- MATERIAL SHOWN
☆ ☆ ☆ ☆ ☆

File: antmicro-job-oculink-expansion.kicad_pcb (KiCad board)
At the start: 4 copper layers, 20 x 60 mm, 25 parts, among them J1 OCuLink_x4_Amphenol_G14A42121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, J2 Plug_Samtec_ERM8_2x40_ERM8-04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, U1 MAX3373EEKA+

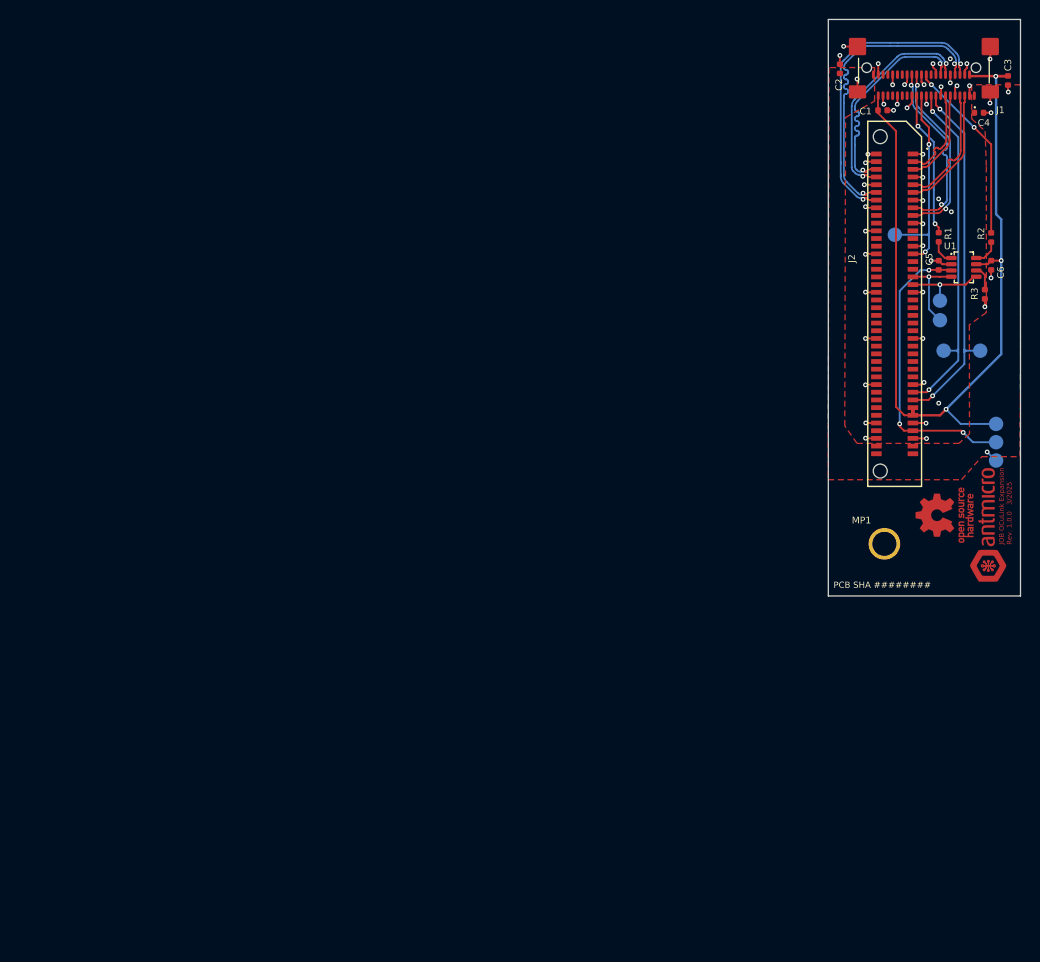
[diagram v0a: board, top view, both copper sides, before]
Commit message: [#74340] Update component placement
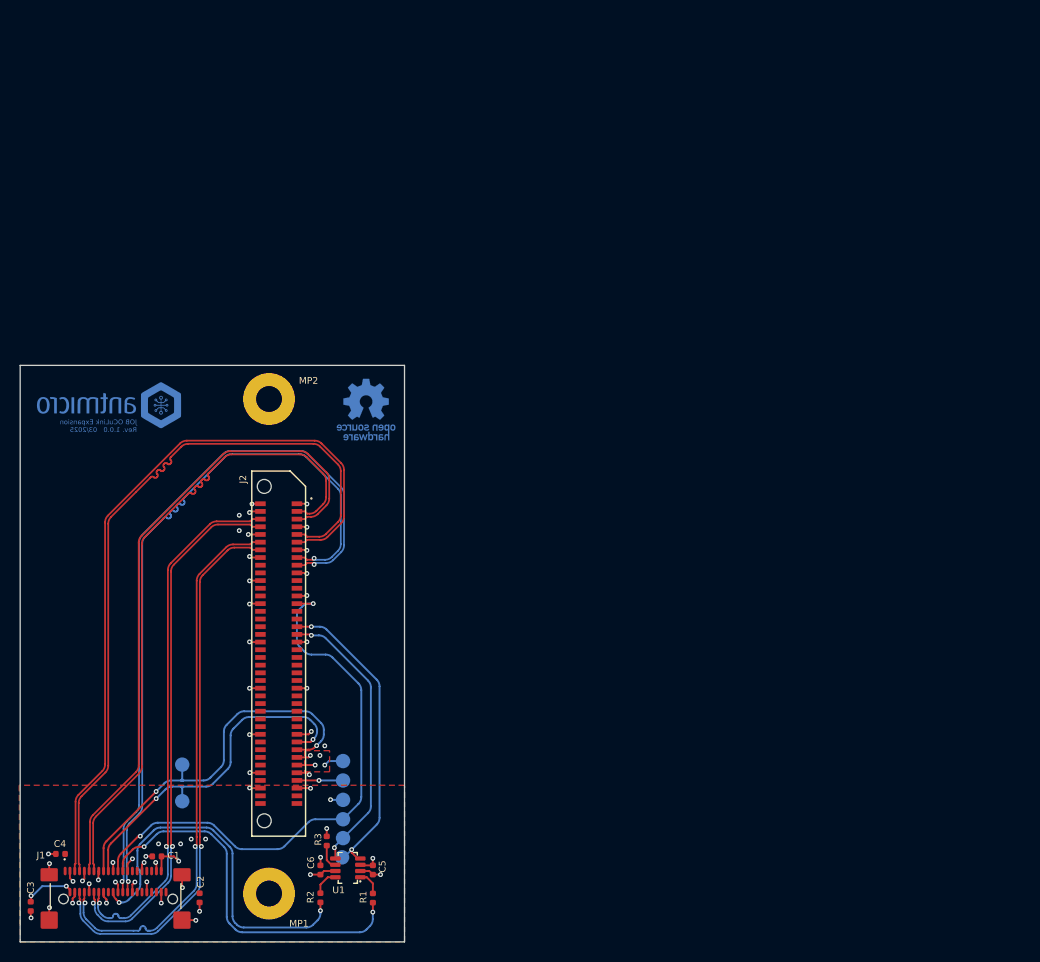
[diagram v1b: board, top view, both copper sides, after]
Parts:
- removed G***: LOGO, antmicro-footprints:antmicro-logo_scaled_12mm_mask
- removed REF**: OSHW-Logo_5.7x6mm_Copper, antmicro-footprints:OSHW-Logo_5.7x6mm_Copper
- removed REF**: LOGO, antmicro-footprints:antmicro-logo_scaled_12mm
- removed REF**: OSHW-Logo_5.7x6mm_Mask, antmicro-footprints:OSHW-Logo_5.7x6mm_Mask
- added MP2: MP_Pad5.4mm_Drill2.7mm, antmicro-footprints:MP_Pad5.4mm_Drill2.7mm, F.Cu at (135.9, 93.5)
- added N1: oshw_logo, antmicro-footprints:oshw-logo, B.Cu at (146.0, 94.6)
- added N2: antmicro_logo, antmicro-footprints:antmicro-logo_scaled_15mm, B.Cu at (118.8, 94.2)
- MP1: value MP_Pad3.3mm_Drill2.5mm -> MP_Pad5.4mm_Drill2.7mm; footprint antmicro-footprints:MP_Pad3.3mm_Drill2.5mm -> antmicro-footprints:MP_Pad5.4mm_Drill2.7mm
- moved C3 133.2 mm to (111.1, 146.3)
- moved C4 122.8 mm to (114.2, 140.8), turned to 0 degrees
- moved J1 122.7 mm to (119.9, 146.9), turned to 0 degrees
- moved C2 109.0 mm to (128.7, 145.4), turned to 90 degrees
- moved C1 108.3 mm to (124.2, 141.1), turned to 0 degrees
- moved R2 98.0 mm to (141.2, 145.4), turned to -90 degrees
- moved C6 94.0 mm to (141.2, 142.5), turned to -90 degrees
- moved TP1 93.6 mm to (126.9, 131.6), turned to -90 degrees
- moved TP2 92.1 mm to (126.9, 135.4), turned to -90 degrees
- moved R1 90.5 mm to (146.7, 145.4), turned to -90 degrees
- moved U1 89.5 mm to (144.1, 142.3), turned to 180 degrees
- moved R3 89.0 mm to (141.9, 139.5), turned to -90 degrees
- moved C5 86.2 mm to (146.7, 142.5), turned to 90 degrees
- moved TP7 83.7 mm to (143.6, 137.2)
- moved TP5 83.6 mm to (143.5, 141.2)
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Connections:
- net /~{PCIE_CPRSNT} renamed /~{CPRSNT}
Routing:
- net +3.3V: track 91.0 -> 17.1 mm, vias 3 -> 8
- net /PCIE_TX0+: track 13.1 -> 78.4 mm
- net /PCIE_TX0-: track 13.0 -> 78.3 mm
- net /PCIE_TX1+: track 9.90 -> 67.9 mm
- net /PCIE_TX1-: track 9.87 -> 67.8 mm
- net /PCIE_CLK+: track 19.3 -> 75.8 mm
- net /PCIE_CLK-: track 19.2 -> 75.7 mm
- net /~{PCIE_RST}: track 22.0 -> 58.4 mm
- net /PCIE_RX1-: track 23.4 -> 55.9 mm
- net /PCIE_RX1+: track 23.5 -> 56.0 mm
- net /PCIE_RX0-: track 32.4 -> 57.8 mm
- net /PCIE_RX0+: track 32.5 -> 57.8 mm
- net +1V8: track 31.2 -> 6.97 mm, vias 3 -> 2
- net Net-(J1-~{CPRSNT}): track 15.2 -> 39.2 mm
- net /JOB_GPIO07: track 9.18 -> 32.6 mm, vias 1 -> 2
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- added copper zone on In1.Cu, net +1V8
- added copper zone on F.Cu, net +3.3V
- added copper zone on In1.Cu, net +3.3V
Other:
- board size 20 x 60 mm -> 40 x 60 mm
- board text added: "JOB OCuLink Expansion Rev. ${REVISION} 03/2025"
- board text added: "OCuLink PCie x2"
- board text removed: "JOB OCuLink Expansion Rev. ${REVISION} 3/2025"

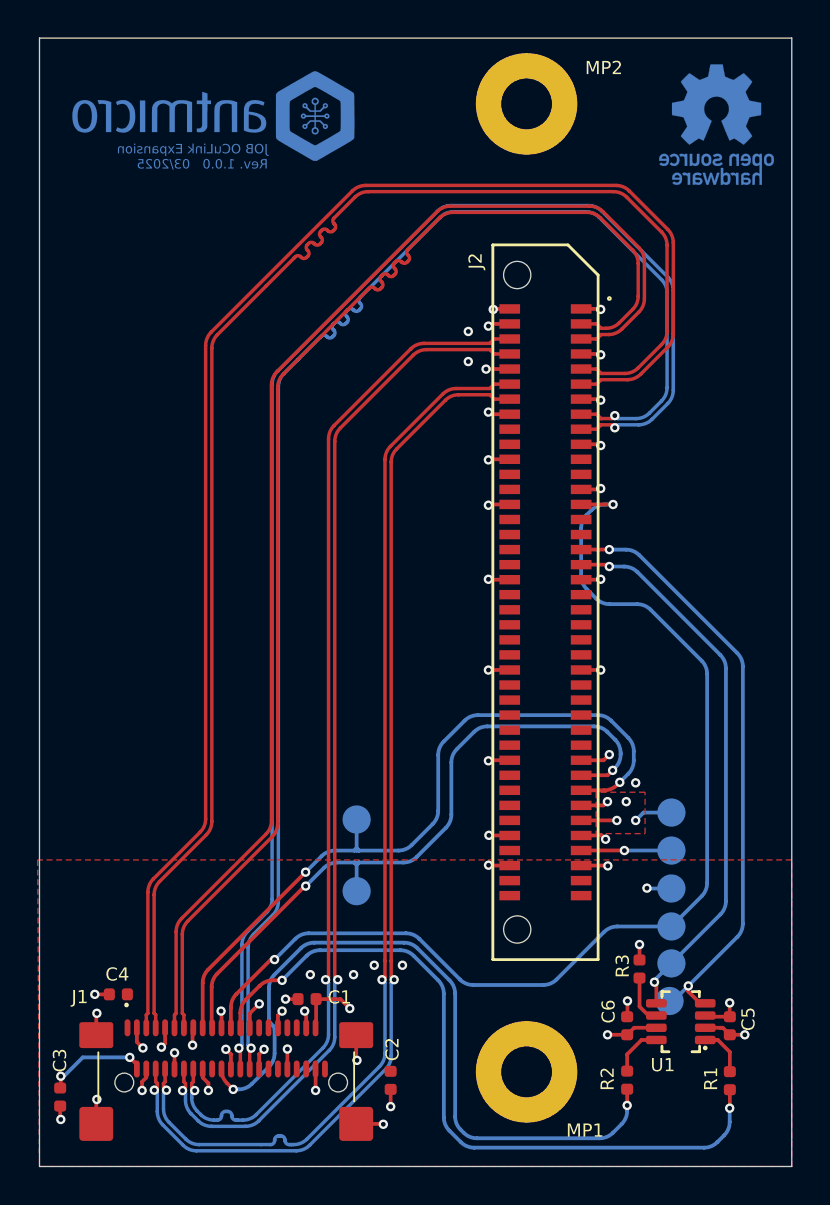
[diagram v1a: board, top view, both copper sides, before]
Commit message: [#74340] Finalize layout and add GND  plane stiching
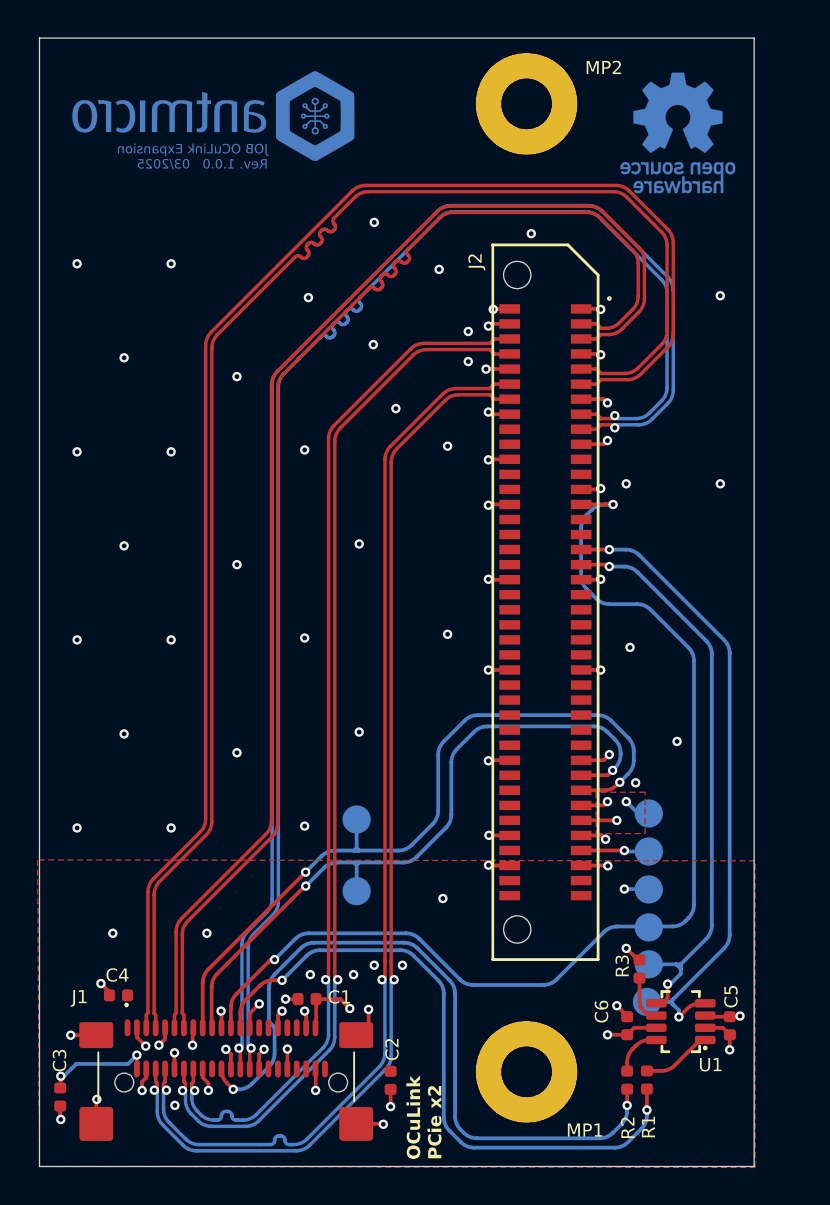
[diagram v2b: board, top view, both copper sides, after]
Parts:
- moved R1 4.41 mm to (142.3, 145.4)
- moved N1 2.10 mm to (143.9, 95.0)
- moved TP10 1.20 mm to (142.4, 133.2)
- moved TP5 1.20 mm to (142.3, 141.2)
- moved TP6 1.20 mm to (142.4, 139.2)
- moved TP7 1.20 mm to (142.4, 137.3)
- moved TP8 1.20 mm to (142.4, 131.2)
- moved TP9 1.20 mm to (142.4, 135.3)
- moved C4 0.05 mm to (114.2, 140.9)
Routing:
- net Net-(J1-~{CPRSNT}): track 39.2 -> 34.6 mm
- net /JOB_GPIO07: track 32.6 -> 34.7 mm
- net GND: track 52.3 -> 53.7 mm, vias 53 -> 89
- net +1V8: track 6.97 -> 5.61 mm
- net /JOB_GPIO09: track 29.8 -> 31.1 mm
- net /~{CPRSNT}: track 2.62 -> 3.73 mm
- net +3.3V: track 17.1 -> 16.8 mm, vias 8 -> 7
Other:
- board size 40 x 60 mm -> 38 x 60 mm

☆ ☆ ☆ ☆ ☆

- WHAT IS NEEDED
Each line that contains "board" is to be copied from the listing above.

- WRITTEN SOLUTION
File: antmicro-job-oculink-expansion.kicad_pcb (KiCad board)
[diagram v0a: board, top view, both copper sides, before]
[diagram v1b: board, top view, both copper sides, after]
- board size 20 x 60 mm -> 40 x 60 mm
- board text added: "JOB OCuLink Expansion Rev. ${REVISION} 03/2025"
- board text added: "OCuLink PCie x2"
- board text removed: "JOB OCuLink Expansion Rev. ${REVISION} 3/2025"
[diagram v1a: board, top view, both copper sides, before]
[diagram v2b: board, top view, both copper sides, after]
- board size 40 x 60 mm -> 38 x 60 mm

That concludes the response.